DATA IN THIS EXERCISE
- - - - - - -
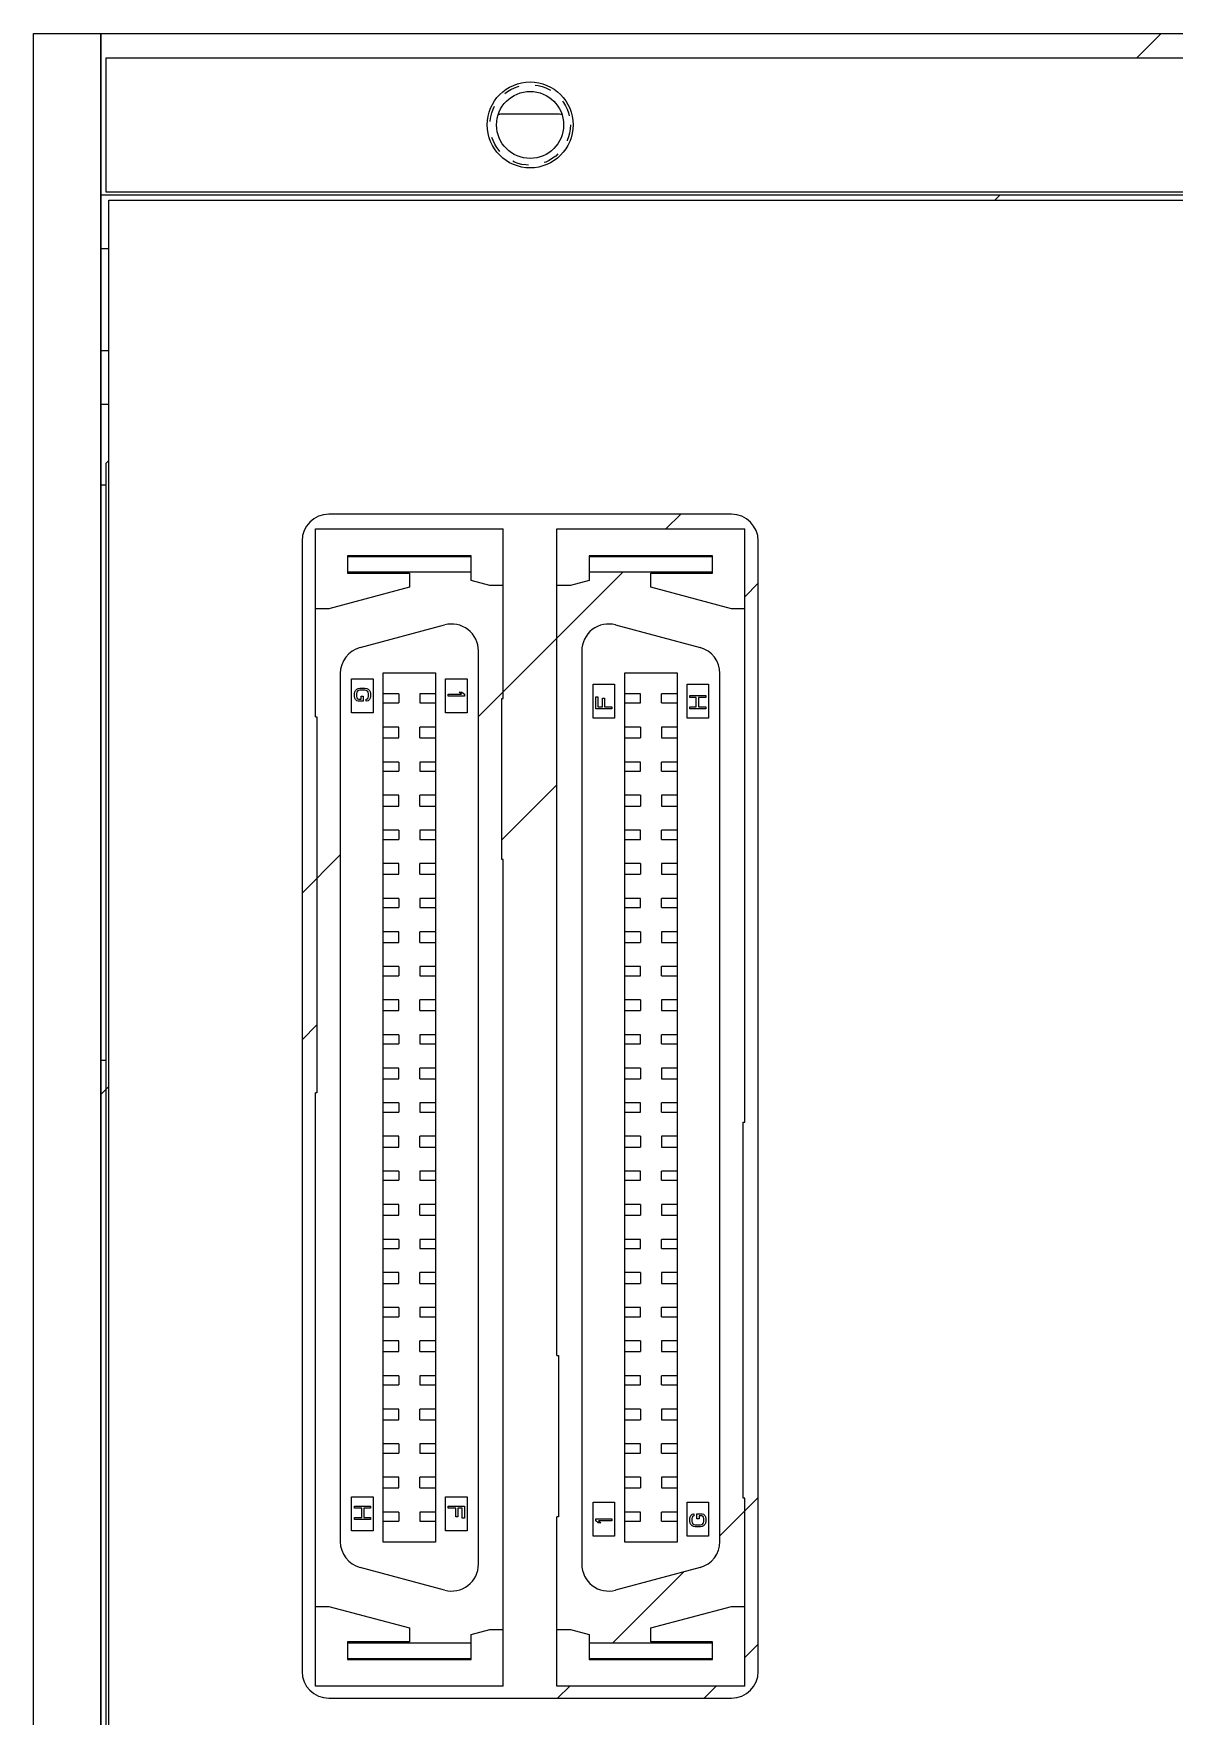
# Model space of a CAD drawing. Header units: inches. Extents: x 0 to 535, y 0 to 130.
# Drawn here: x 0 to 42.5, y 67.3 to 130 of the extents above; entities that cross this region are included whole.
import ezdxf

# ---------------------------------------------------------------- set-up
doc = ezdxf.new("R2010")
doc.units = ezdxf.units.IN
doc.header["$LTSCALE"] = 6.05
doc.header["$MEASUREMENT"] = 0
doc.linetypes.add('HIDDEN', pattern=[0.2, 0.1, -0.1])
for name, color, linetype in [('BRE716_PCB_ADXF_CONTINUOUS_LINE', 7, 'CONTINUOUS'), ('BREJ716_4_001_DXF_HIDDEN_LINE', 7, 'CONTINUOUS'), ('BREJ716_4_00DXF_CONTINUOUS_LINE', 7, 'CONTINUOUS'), ('BREJ716_4_01DXF_CONTINUOUS_LINE', 7, 'CONTINUOUS'), ('BSMJ712_4_00DXF_CONTINUOUS_LINE', 7, 'CONTINUOUS'), ('TE_1734101_5DXF_CONTINUOUS_LINE', 7, 'CONTINUOUS')]:
    doc.layers.add(name, color=color, linetype=linetype)

msp = doc.modelspace()

# ---------------------------------------------------------------- linework, layer by layer
at = {"layer": 'BRE716_PCB_ADXF_CONTINUOUS_LINE', "color": 7, "linetype": 'Continuous'}
for p, q in [((2.7, 114), (2.8, 114.1)), ((2.7, 16), (2.7, 114))]:
    msp.add_line(p, q, dxfattribs=at)
at = {"layer": 'BREJ716_4_001_DXF_HIDDEN_LINE', "color": 8, "linetype": 'HIDDEN'}
msp.add_circle((18.5, 126.6), 1.5, dxfattribs=at)
at = {"layer": 'BREJ716_4_00DXF_CONTINUOUS_LINE', "color": 7, "linetype": 'Continuous'}
for p, q in [((2.5, 130), (529.5, 130)), ((19.507, 127), (17.493, 127)), ((2.5, 124), (529.5, 124)), ((2.8, 6.3), (2.8, 123.8)), ((2.8, 123.8), (529.2, 123.8)), ((2.5, 122), (2.8, 122)), ((2.5, 118.2), (2.8, 118.2)), ((2.5, 116.2), (2.8, 116.2)), ((2.5, 113.2), (2.7, 113.2)), ((26, 112.1), (11, 112.1)), ((10, 111.1), (10, 69)), ((27, 69), (27, 111.1)), ((2.7, 91.75), (2.5, 91.75)), ((11, 68), (26, 68))]:
    msp.add_line(p, q, dxfattribs=at)
at = {"layer": 'BREJ716_4_00DXF_CONTINUOUS_LINE', "color": 2, "linetype": 'Continuous'}
for p, q in [((41.113, 129.1), (42.013, 130)), ((35.813, 123.8), (36.013, 124)), ((23.563, 111.55), (24.113, 112.1)), ((22.529, 110.516), (22.568, 110.555)), ((16.575, 104.562), (21.957, 109.944)), ((26.5, 109.026), (27, 109.526)), ((17.445, 99.971), (19.5, 102.026)), ((10, 97.987), (11.425, 99.412)), ((10, 92.526), (10.555, 93.081)), ((2.5, 90.487), (2.8, 90.787)), ((25.575, 74.049), (27, 75.474)), ((21.582, 70.056), (24.234, 72.707)), ((26.5, 69.513), (27, 70.013)), ((20.971, 69.445), (21.011, 69.484)), ((19.526, 68), (19.976, 68.45)), ((24.987, 68), (25.437, 68.45))]:
    msp.add_line(p, q, dxfattribs=at)
at = {"layer": 'BREJ716_4_00DXF_CONTINUOUS_LINE', "color": 7, "linetype": 'Continuous'}
msp.add_circle((18.5, 126.6), 1.25, dxfattribs=at)
for centre, radius, start, end in [((17.493, 125.378), 1.622, 90.00585, 96.3974), ((19.507, 125.378), 1.622, 83.6022, 89.99455), ((11, 111.1), 1, 90, 180), ((26, 111.1), 1, 0, 90), ((11, 69), 1, 180, 270), ((26, 69), 1, 270, 0)]:
    msp.add_arc(centre, radius, start, end, dxfattribs=at)
at = {"layer": 'BREJ716_4_01DXF_CONTINUOUS_LINE', "color": 7, "linetype": 'Continuous'}
for p, q in [((2.7, 124.1), (2.7, 129.1)), ((2.7, 129.1), (529.3, 129.1)), ((529.3, 124.1), (2.7, 124.1))]:
    msp.add_line(p, q, dxfattribs=at)
msp.add_circle((18.5, 126.6), 1.6, dxfattribs=at)
at = {"layer": 'BSMJ712_4_00DXF_CONTINUOUS_LINE', "color": 7, "linetype": 'Continuous'}
for p, q in [((0, 0), (0, 130)), ((0, 130), (2.5, 130)), ((2.5, 130), (2.5, 0)), ((2.5, 0), (2.5, 130))]:
    msp.add_line(p, q, dxfattribs=at)
at = {"layer": 'TE_1734101_5DXF_CONTINUOUS_LINE', "color": 7, "linetype": 'Continuous'}
for p, q in [((10.5, 104.55), (10.5, 111.55)), ((10.5, 111.55), (17.5, 111.55)), ((17.5, 105.24), (17.5, 111.55)), ((19.5, 80.76), (19.5, 111.55)), ((19.5, 111.55), (26.5, 111.55)), ((26.5, 89.45), (26.5, 111.55)), ((11.7, 110.555), (11.7, 109.905)), ((16.3, 110.555), (11.7, 110.555)), ((16.3, 110.516), (11.7, 110.516)), ((16.3, 109.63), (16.3, 110.555)), ((20.7, 110.555), (20.7, 109.63)), ((25.3, 110.555), (20.7, 110.555)), ((25.3, 110.516), (20.7, 110.516)), ((25.3, 109.905), (25.3, 110.555)), ((16.3, 109.944), (11.7, 109.944)), ((11.7, 109.905), (14, 109.905)), ((14, 109.905), (14, 109.383)), ((25.3, 109.944), (20.7, 109.944)), ((23, 109.383), (23, 109.905)), ((23, 109.905), (25.3, 109.905)), ((14, 109.383), (11, 108.579)), ((17, 109.442), (16.3, 109.63)), ((17.5, 109.442), (17, 109.442)), ((20, 109.442), (19.5, 109.442)), ((20.7, 109.63), (20, 109.442)), ((26, 108.579), (23, 109.383)), ((11, 108.579), (10.5, 108.579)), ((26.5, 108.579), (26, 108.579)), ((12.166, 107.132), (15.316, 107.976)), ((21.684, 107.976), (24.834, 107.132)), ((16.575, 72.99), (16.575, 107.01)), ((20.425, 107.01), (20.425, 72.99)), ((11.425, 106.166), (11.425, 73.834)), ((11.85, 104.7), (11.85, 105.97)), ((11.85, 105.97), (12.65, 105.97)), ((12.65, 105.97), (12.65, 104.7)), ((13.025, 73.81), (13.025, 106.19)), ((13.025, 106.19), (14.975, 106.19)), ((14.975, 106.19), (14.975, 73.81)), ((15.35, 104.7), (15.35, 105.97)), ((15.35, 105.97), (16.15, 105.97)), ((16.15, 105.97), (16.15, 104.7)), ((22.025, 73.81), (22.025, 106.19)), ((22.025, 106.19), (23.975, 106.19)), ((23.975, 106.19), (23.975, 73.81)), ((25.575, 73.834), (25.575, 106.166)), ((11.95, 105.42), (11.963, 105.482)), ((11.95, 105.308), (11.95, 105.42)), ((11.963, 105.245), (11.95, 105.308)), ((11.963, 105.482), (11.988, 105.533)), ((11.988, 105.533), (12.039, 105.583)), ((12.039, 105.47), (12.027, 105.42)), ((12.027, 105.42), (12.027, 105.308)), ((12.027, 105.308), (12.039, 105.257)), ((12.039, 105.583), (12.09, 105.607)), ((12.065, 105.508), (12.039, 105.47)), ((12.103, 105.533), (12.065, 105.508)), ((12.09, 105.607), (12.154, 105.62)), ((12.154, 105.545), (12.103, 105.533)), ((12.154, 105.62), (12.346, 105.62)), ((12.346, 105.545), (12.154, 105.545)), ((12.205, 105.207), (12.205, 105.32)), ((12.205, 105.32), (12.282, 105.32)), ((12.282, 105.32), (12.282, 105.132)), ((12.346, 105.62), (12.41, 105.607)), ((12.397, 105.533), (12.346, 105.545)), ((12.435, 105.508), (12.397, 105.533)), ((12.41, 105.607), (12.461, 105.583)), ((12.461, 105.47), (12.435, 105.508)), ((12.461, 105.583), (12.512, 105.533)), ((12.473, 105.42), (12.461, 105.47)), ((12.461, 105.257), (12.473, 105.308)), ((12.473, 105.308), (12.473, 105.42)), ((12.512, 105.533), (12.537, 105.482)), ((12.537, 105.482), (12.55, 105.42)), ((12.55, 105.308), (12.537, 105.245)), ((12.55, 105.42), (12.55, 105.308)), ((13.61, 105.41), (13.025, 105.41)), ((13.61, 105.41), (13.61, 105.07)), ((14.39, 105.41), (14.39, 105.07)), ((14.975, 105.41), (14.39, 105.41)), ((15.45, 105.32), (15.45, 105.395)), ((15.45, 105.395), (15.948, 105.395)), ((16.05, 105.32), (15.45, 105.32)), ((15.948, 105.395), (15.859, 105.47)), ((15.859, 105.47), (15.961, 105.47)), ((15.961, 105.47), (16.05, 105.395)), ((16.05, 105.395), (16.05, 105.32)), ((20.85, 104.5), (20.85, 105.77)), ((20.85, 105.77), (21.65, 105.77)), ((20.95, 104.85), (20.95, 105.3)), ((20.95, 105.3), (21.027, 105.3)), ((21.027, 105.3), (21.027, 104.925)), ((21.65, 105.77), (21.65, 104.5)), ((22.61, 105.41), (22.025, 105.41)), ((22.61, 105.07), (22.61, 105.41)), ((23.39, 105.07), (23.39, 105.41)), ((23.975, 105.41), (23.39, 105.41)), ((24.35, 104.5), (24.35, 105.77)), ((24.35, 105.77), (25.15, 105.77)), ((24.45, 105.275), (24.45, 105.35)), ((24.45, 105.35), (25.05, 105.35)), ((25.05, 105.35), (25.05, 105.275)), ((25.15, 105.77), (25.15, 104.5)), ((12.65, 104.7), (11.85, 104.7)), ((11.988, 105.195), (11.963, 105.245)), ((12.039, 105.145), (11.988, 105.195)), ((12.039, 105.257), (12.065, 105.22)), ((12.09, 105.132), (12.039, 105.145)), ((12.065, 105.22), (12.103, 105.207)), ((12.282, 105.132), (12.09, 105.132)), ((12.103, 105.207), (12.205, 105.207)), ((12.397, 105.207), (12.435, 105.22)), ((12.397, 105.132), (12.397, 105.207)), ((12.461, 105.145), (12.397, 105.132)), ((12.435, 105.22), (12.461, 105.257)), ((12.512, 105.195), (12.461, 105.145)), ((12.537, 105.245), (12.512, 105.195)), ((13.025, 105.07), (13.61, 105.07)), ((14.39, 105.07), (14.975, 105.07)), ((16.15, 104.7), (15.35, 104.7)), ((17.445, 99.24), (17.445, 105.24)), ((17.445, 105.24), (17.5, 105.24)), ((21.55, 104.85), (20.95, 104.85)), ((21.027, 104.925), (21.193, 104.925)), ((21.193, 104.925), (21.193, 105.25)), ((21.193, 105.25), (21.269, 105.25)), ((21.269, 105.25), (21.269, 104.925)), ((21.269, 104.925), (21.55, 104.925)), ((21.55, 104.925), (21.55, 104.85)), ((22.025, 105.07), (22.61, 105.07)), ((23.39, 105.07), (23.975, 105.07)), ((24.693, 105.275), (24.45, 105.275)), ((24.45, 104.85), (24.45, 104.925)), ((24.45, 104.925), (24.693, 104.925)), ((25.05, 104.85), (24.45, 104.85)), ((24.693, 104.925), (24.693, 105.275)), ((24.769, 105.275), (24.769, 104.925)), ((25.05, 105.275), (24.769, 105.275)), ((24.769, 104.925), (25.05, 104.925)), ((25.05, 104.925), (25.05, 104.85)), ((10.5, 104.55), (10.555, 104.55)), ((10.555, 104.55), (10.555, 90.55)), ((13.61, 104.17), (13.025, 104.17)), ((13.61, 103.77), (13.61, 104.17)), ((14.39, 103.77), (14.39, 104.17)), ((14.975, 104.17), (14.39, 104.17)), ((21.65, 104.5), (20.85, 104.5)), ((22.61, 104.17), (22.025, 104.17)), ((22.61, 104.17), (22.61, 103.77)), ((23.39, 104.17), (23.39, 103.77)), ((23.975, 104.17), (23.39, 104.17)), ((25.15, 104.5), (24.35, 104.5)), ((13.025, 103.77), (13.61, 103.77)), ((14.39, 103.77), (14.975, 103.77)), ((22.025, 103.77), (22.61, 103.77)), ((23.39, 103.77), (23.975, 103.77)), ((13.61, 102.87), (13.025, 102.87)), ((13.61, 102.87), (13.61, 102.53)), ((14.39, 102.87), (14.39, 102.53)), ((14.975, 102.87), (14.39, 102.87)), ((22.61, 102.87), (22.025, 102.87)), ((22.61, 102.53), (22.61, 102.87)), ((23.39, 102.53), (23.39, 102.87)), ((23.975, 102.87), (23.39, 102.87)), ((13.025, 102.53), (13.61, 102.53)), ((14.39, 102.53), (14.975, 102.53)), ((22.025, 102.53), (22.61, 102.53)), ((23.39, 102.53), (23.975, 102.53)), ((13.61, 101.63), (13.025, 101.63)), ((13.61, 101.23), (13.61, 101.63)), ((14.39, 101.23), (14.39, 101.63)), ((14.975, 101.63), (14.39, 101.63)), ((22.61, 101.63), (22.025, 101.63)), ((22.61, 101.63), (22.61, 101.23)), ((23.39, 101.63), (23.39, 101.23)), ((23.975, 101.63), (23.39, 101.63)), ((13.025, 101.23), (13.61, 101.23)), ((14.39, 101.23), (14.975, 101.23)), ((22.025, 101.23), (22.61, 101.23)), ((23.39, 101.23), (23.975, 101.23)), ((13.61, 100.33), (13.025, 100.33)), ((13.61, 100.33), (13.61, 99.99)), ((14.39, 100.33), (14.39, 99.99)), ((14.975, 100.33), (14.39, 100.33)), ((22.61, 100.33), (22.025, 100.33)), ((22.61, 99.99), (22.61, 100.33)), ((23.39, 99.99), (23.39, 100.33)), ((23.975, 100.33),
- - - - - - -
TASK GOAL
Without the pictures, return the listing above from its first line through the line that has "doc.units = ezdxf.units.IN".

WORKED SOLUTION
# Model space of a CAD drawing. Header units: inches. Extents: x 0 to 535, y 0 to 130.
# Drawn here: x 0 to 42.5, y 67.3 to 130 of the extents above; entities that cross this region are included whole.
import ezdxf

# ---------------------------------------------------------------- set-up
doc = ezdxf.new("R2010")
doc.units = ezdxf.units.IN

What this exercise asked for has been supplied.